Parameter currentVersion cann't null	An earlier version of edgeadm is used.	Check whether edgeadm of the latest version is used. You can update a cluster from Kubernetes 1.18 to 1.20, or from Kubernetes 1.20 to 1.22.
upgrade kubelet failed at phase install, recover to previous state. error run phase upgrade: xxxx	The cluster fails to be upgraded and has been automatically rolled back to the previous state. The node status is not affected.	Retain the logs and submit a ticket.
upgrade kubelet failed at phase install, recover to previous state recover kubelet failed, err: xxx error run phase upgrade: xxxx	The cluster fails to be upgraded and has been automatically rolled back to the previous state. The node status is affected.	Retain the logs and submit a ticket.

How do I collect the diagnostics information about nodes in an ACK Edge cluster?

If an exception occurs on a node in an ACK Edge cluster, perform the following steps to collect the diagnostics information about the node for data analysis:

Log on to the abnormal node in the ACK Edge cluster.

Run the following command to download the diagnostics script:

curl -o /usr/local/bin/diagnose_edge_node.sh https://aliacs-k8s-cn-hangzhou.oss-cn-hangzhou.aliyuncs.com/public/diagnose/diagnose_k8s.sh

Run the following command to make the diagnostics script executable:
```
chmod u+x /usr/local/bin/diagnose_edge_node.sh
```
Run the following command to switch to the specified directory:
```
cd /usr/local/bin/
```

Run the following command to run the diagnostics script:

./diagnose_edge_node.sh

Expected output: Each time you run the diagnostics script, a file with a different name is generated.

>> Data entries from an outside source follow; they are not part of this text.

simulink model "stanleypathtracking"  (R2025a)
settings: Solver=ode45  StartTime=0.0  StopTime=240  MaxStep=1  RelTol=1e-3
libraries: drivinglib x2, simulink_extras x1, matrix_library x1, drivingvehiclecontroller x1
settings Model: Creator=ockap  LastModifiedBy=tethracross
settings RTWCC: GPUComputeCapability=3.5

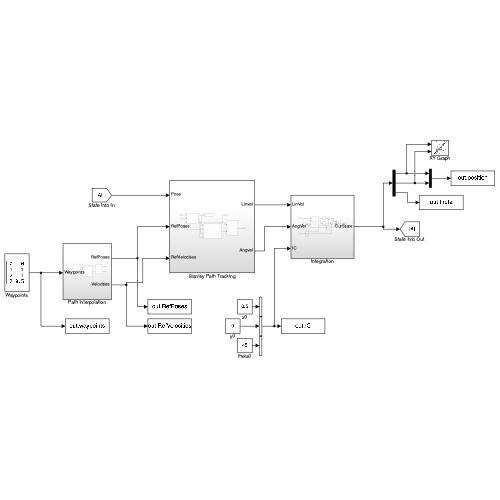
[thumbnail: Simulink's stored preview of the top-level diagram]
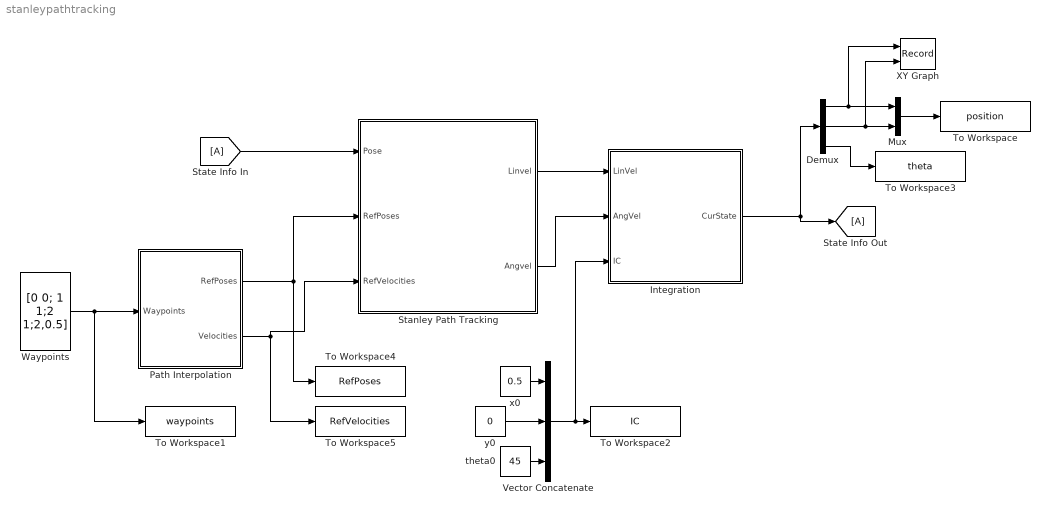
== system stanleypathtracking ==
  Demux : Demux  Outputs=3
  Integration : Subsystem
  Mux : Mux  Inputs=2
  Path Interpolation : Subsystem
  Stanley Path Tracking : Subsystem
  State Info In : From
  State Info Out : Goto
  To Workspace : ToWorkspace  VariableName=position  SaveFormat=Timeseries  SampleTime=-1
  To Workspace1 : ToWorkspace  VariableName=waypoints  SampleTime=-1
      settings: Save2DSignal=2-D array (concatenate along first dimension)
  To Workspace2 : ToWorkspace  VariableName=IC  SampleTime=-1
      settings: Save2DSignal=2-D array (concatenate along first dimension)
  To Workspace3 : ToWorkspace  VariableName=theta  SaveFormat=Timeseries  SampleTime=-1
  To Workspace4 : ToWorkspace  VariableName=RefPoses  SampleTime=-1
      settings: Save2DSignal=2-D array (concatenate along first dimension)
  To Workspace5 : ToWorkspace  VariableName=RefVelocities  SampleTime=-1
      settings: Save2DSignal=2-D array (concatenate along first dimension)
  Vector Concatenate : Concatenate  NumInputs=3
  Waypoints : Constant  Value=[0 0; 1 1;2 1;2,0.5]  VectorParams1D=off  SampleTime=-1
  XY Graph : Record  NumPorts=2.0  FileSettingsInternal="{\"entries\":[{\"content\":{\"excelSettings\":{\"content\":{},\"type\":\"Streamout.ExcelSettings\"},\"parquetSettings\":{\"content\":{},\"type\":\"Streamout.ParquetSettings\"}},\"type\":\"Streamout.FileSettingStorage\",\"uuid\":\"\"}],\"packageUris\":[\"http:\\/\\/schema.mathworks.com\\/mf0\\/streamout_blocks\\/R2020a\"],\"version\":\"1.0\"}"  FrameSettings=[0, 0]  Layout=[1 1]  SignalsInternal="{\"entries\":[{\"content\":{\"signals\":[{\"content\":{\"blockPath\":[],\"dimensions\":[1,1],\"domain\":\"\",\"lineColor\":\"#a2142f\",\"plots\":[ 1 ],\"port\":1,\"signalID\":1,\"signalName\":\"Demux:1\"},\"type\":\"RecordBlkView.Signal\",\"uuid\":\"\"},{\"content\":{\"blockPath\":[],\"dimensions\":[1,1],\"domain\":\"\",\"lineColor\":\"#139fff\",\"plots\":[ 1 ],\"port\":2,\"signalID\":2,\"signalName\":\"Demux:2\"},\"type\":\"RecordBlkView.Signal\",\"uuid\":\"\"}]},\"type\":\"RecordBlkView.InputSignals\",\"uuid\":\"\"}],\"packageUris\":[\"http:\\/\\/schema.mathworks.com\\/mf0\\/streamout_blocks\\/R2020a\"],\"version\":\"1.0\"}"  VisualizationBindings="{\"xyplotplugin\":{\"info\":[{\"series\":[{\"bindingParametersList\":[{\"parameter\":\"X-Axis\",\"signalID\":1,\"signalName\":\"Demux:1\"},{\"parameter\":\"Y-Axis\",\"signalID\":2,\"signalName\":\"Demux:2\"}],\"seriesID\":0}],\"subplotID\":1}]}}"  CompatibilityTag=XY
  theta0 : Constant  Value=45
  x0 : Constant  Value=0.5
  y0 : Constant  Value=0
  wires:
  Waypoints/1 -> Path Interpolation/1(Waypoints), To Workspace1/1
  Mux/1 -> To Workspace/1
  Demux/1 -> XY Graph/1, Mux/1
  Demux/2 -> XY Graph/2, Mux/2
  Demux/3 -> To Workspace3/1
  Stanley Path Tracking/1(Linvel) -> Integration/1(LinVel)
  Stanley Path Tracking/2(Angvel) -> Integration/2(AngVel)
  Path Interpolation/2(Velocities) -> To Workspace5/1, Stanley Path Tracking/3(RefVelocities)
  Path Interpolation/1(RefPoses) -> Stanley Path Tracking/2(RefPoses), To Workspace4/1
  Vector Concatenate/1 -> Integration/3(IC), To Workspace2/1
  theta0/1 -> Vector Concatenate/3
  x0/1 -> Vector Concatenate/1
  y0/1 -> Vector Concatenate/2
  Integration/1(CurState) -> State Info Out/1, Demux/1
  State Info In/1 -> Stanley Path Tracking/1(Pose)

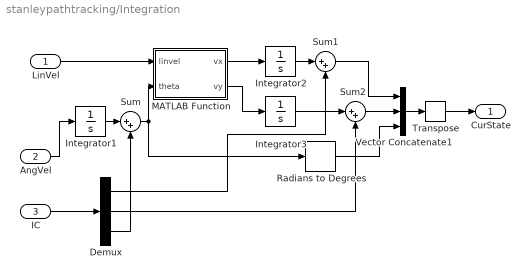
== system stanleypathtracking/Integration ==
  LinVel : Inport
  AngVel : Inport  Port=2
  IC : Inport  Port=3
  Demux : Demux  Outputs=3
  Integrator1 : Integrator
  Integrator2 : Integrator
  Integrator3 : Integrator
  MATLAB Function : MATLAB Function  TreatAsAtomicUnit=on
  Radians to Degrees : simulink_extras/Transformations/Radians to Degrees
  Sum : Sum  Inputs=|++
  Sum1 : Sum  Inputs=|++
  Sum2 : Sum  Inputs=|++
  Transpose : matrix_library/Transpose
  Vector Concatenate1 : Concatenate  NumInputs=3
  CurState : Outport
  wires:
  MATLAB Function/1(vx) -> Integrator2/1
  MATLAB Function/2(vy) -> Integrator3/1
  AngVel/1 -> Integrator1/1
  LinVel/1 -> MATLAB Function/1(linvel)
  Vector Concatenate1/1 -> Transpose/1
  Radians to Degrees/1 -> Vector Concatenate1/3
  Transpose/1 -> CurState/1
  Integrator1/1 -> Sum/1
  Sum/1 -> Radians to Degrees/1, MATLAB Function/2(theta)
  Demux/3 -> Sum/2
  Integrator2/1 -> Sum1/1
  Demux/1 -> Sum1/2
  Demux/2 -> Sum2/2
  Integrator3/1 -> Sum2/1
  Sum2/1 -> Vector Concatenate1/2
  Sum1/1 -> Vector Concatenate1/1
  IC/1 -> Demux/1

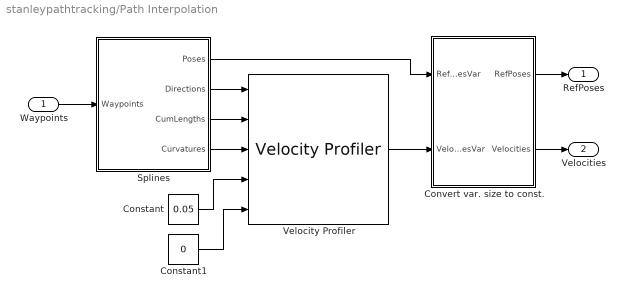
== system stanleypathtracking/Path Interpolation ==
  Waypoints : Inport
  Constant : Constant  Value=0.05
  Constant1 : Constant  Value=0
  Convert var. size to const. : MATLAB Function  TreatAsAtomicUnit=on
  Splines : Subsystem
  Velocity Profiler : drivinglib/Velocity Profiler  MaxLongitudinalAccel=0.05  MaxLongitudinalDecel=0.1  MaxSpeed=0.05  MaxLongitudinalJerk=0.1  MaxLateralAccel=0.1  ShowOptionalOutport=off  SampleTime=-1  SimulateUsing=Code generation
  RefPoses : Outport
  Velocities : Outport  Port=2
  wires:
  Waypoints/1 -> Splines/1(Waypoints)
  Splines/2(Directions) -> Velocity Profiler/1
  Splines/3(CumLengths) -> Velocity Profiler/2
  Splines/4(Curvatures) -> Velocity Profiler/3
  Splines/1(Poses) -> Convert var. size to const./1(RefPosesVar)
  Constant/1 -> Velocity Profiler/4
  Constant1/1 -> Velocity Profiler/5
  Convert var. size to const./1(RefPoses) -> RefPoses/1
  Velocity Profiler/1 -> Convert var. size to const./2(VelocitiesVar)
  Convert var. size to const./2(Velocities) -> Velocities/1

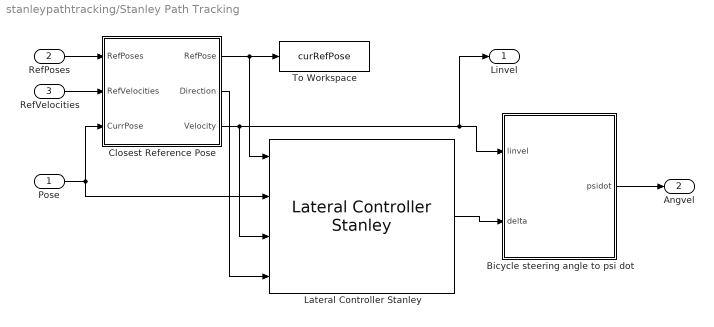
== system stanleypathtracking/Stanley Path Tracking ==
  Pose : Inport
  RefPoses : Inport  Port=2
  RefVelocities : Inport  Port=3
  Bicycle steering angle to psi dot : MATLAB Function  TreatAsAtomicUnit=on
  Closest Reference Pose : MATLAB Function  TreatAsAtomicUnit=on
  Lateral Controller Stanley : drivingvehiclecontroller/Lateral Controller Stanley  ModelType=Kinematic bicycle model  PositionGainF=5  PositionGainR=2.5  YawRateGain=0.2  DelayGain=0.2  VehicleMass=1575  Lf=1.2  Lr=1.6  TireStiffness=19000  Wheelbase=0.1  MaxSteeringAngle=35
  To Workspace : ToWorkspace  VariableName=curRefPose  SampleTime=-1
      settings: Save2DSignal=2-D array (concatenate along first dimension)
  Linvel : Outport
  Angvel : Outport  Port=2
  wires:
  Pose/1 -> Lateral Controller Stanley/2, Closest Reference Pose/3(CurrPose)
  Closest Reference Pose/2(Direction) -> Lateral Controller Stanley/4
  Closest Reference Pose/3(Velocity) -> Lateral Controller Stanley/3, Linvel/1, Bicycle steering angle to psi dot/1(linvel)
  Lateral Controller Stanley/1 -> Bicycle steering angle to psi dot/2(delta)
  Bicycle steering angle to psi dot/1(psidot) -> Angvel/1
  Closest Reference Pose/1(RefPose) -> To Workspace/1, Lateral Controller Stanley/1
  RefPoses/1 -> Closest Reference Pose/1(RefPoses)
  RefVelocities/1 -> Closest Reference Pose/2(RefVelocities)

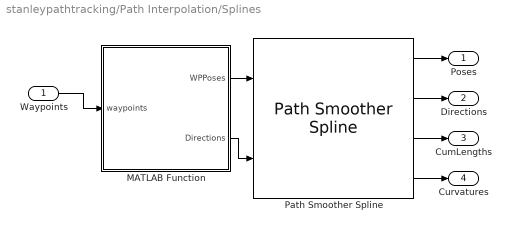
== system stanleypathtracking/Path Interpolation/Splines ==
  Waypoints : Inport
  MATLAB Function : MATLAB Function  TreatAsAtomicUnit=on
  Path Smoother Spline : drivinglib/Path Smoother Spline  NumSmoothPoses=100  MinSeparation=1e-3  SampleTime=1000  ShowOptionalOutports=on  SimulateUsing=Code generation
  Poses : Outport
      settings: VarSizeSig=Yes
  Directions : Outport  Port=2
  CumLengths : Outport  Port=3
  Curvatures : Outport  Port=4
  wires:
  Path Smoother Spline/2 -> Directions/1
  Path Smoother Spline/1 -> Poses/1
  MATLAB Function/1(WPPoses) -> Path Smoother Spline/1
  MATLAB Function/2(Directions) -> Path Smoother Spline/2
  Path Smoother Spline/3 -> CumLengths/1
  Path Smoother Spline/4 -> Curvatures/1
  Waypoints/1 -> MATLAB Function/1(waypoints)

== matlab function stanleypathtracking/Path Interpolation/Splines/MATLAB Function ==
  data: waypoints input; WPPoses output; Directions output
function [WPPoses,Directions] = waypoint2pose(waypoints)
    numpoints = height(waypoints);
    xpoints = waypoints(:,1);
    ypoints = waypoints(:,2);
    desiredheadings = zeros(numpoints,1);
    desiredheadings(1) = atan2d(ypoints(2)-ypoints(1),xpoints(2)-xpoints(1));
    desiredheadings(end) = atan2d(ypoints(numpoints)-ypoints(numpoints-1),xpoints(numpoints)-xpoints(numpoints-1));
    for n = 2:numpoints-1
        desiredheadings(n) = atan2d(ypoints(n+1)-ypoints(n-1),xpoints(n+1)-xpoints(n-1));
    end
    WPPoses = [waypoints desiredheadings];
    Directions = ones(size(desiredheadings));

== matlab function stanleypathtracking/Integration/MATLAB Function ==
  data: linvel input; vx output; theta input; vy output
function [vx,vy] = fcn(linvel,theta)
    vx = linvel*cos(theta);
    vy = linvel*sin(theta);
end

== matlab function stanleypathtracking/Stanley Path Tracking/Closest Reference Pose ==
  data: RefPoses input; RefPose output; Direction output; Velocity output; RefVelocities input; CurrPose input
function [RefPose,Direction,Velocity] = getrefpose(RefPoses,RefVelocities,CurrPose)
    waypoints = RefPoses(:,1:2);
    currcoord = CurrPose(1:2);
    wpdistances = waypoints - [currcoord(1)*ones(height(waypoints),1) currcoord(2)*ones(height(waypoints),1)];
    [~,refindex] = min(vecnorm(wpdistances,2,2));
    RefPose = RefPoses(refindex,1:3);
    Velocity = RefVelocities(refindex);
    Direction = 1;

== matlab function stanleypathtracking/Stanley Path Tracking/Bicycle steering angle to psi dot ==
  data: linvel input; delta input; psidot output
function psidot = bicyclesteertopsidot(linvel,delta)

psidot = (linvel * tand(delta)) / 0.1; %0.15 = bicycle length

== matlab function stanleypathtracking/Path Interpolation/Convert var. size to const. ==
  data: RefPosesVar input; RefPoses output; VelocitiesVar input; Velocities output
function [RefPoses,Velocities] = fcn(RefPosesVar,VelocitiesVar)
%need to convert to fixed size for some reason
RefPoses = RefPosesVar(1:100,1:3);
Velocities = VelocitiesVar(1:100);

In this example, the log file is named diagnose_1578310147.tar.gz.

......
+ echo 'please get diagnose_1578310147.tar.gz for diagnostics'
please get diagnose_1578310147.tar.gz for diagnostics
+ echo 'Submit the file named diagnose_1578310147.tar.gz to request technical support.'
Submit the file named diagnose_1578310147.tar.gz to request technical support.

Run the ll command to verify that the diagnostics report named diagnose_1578310147.tar.gz exists.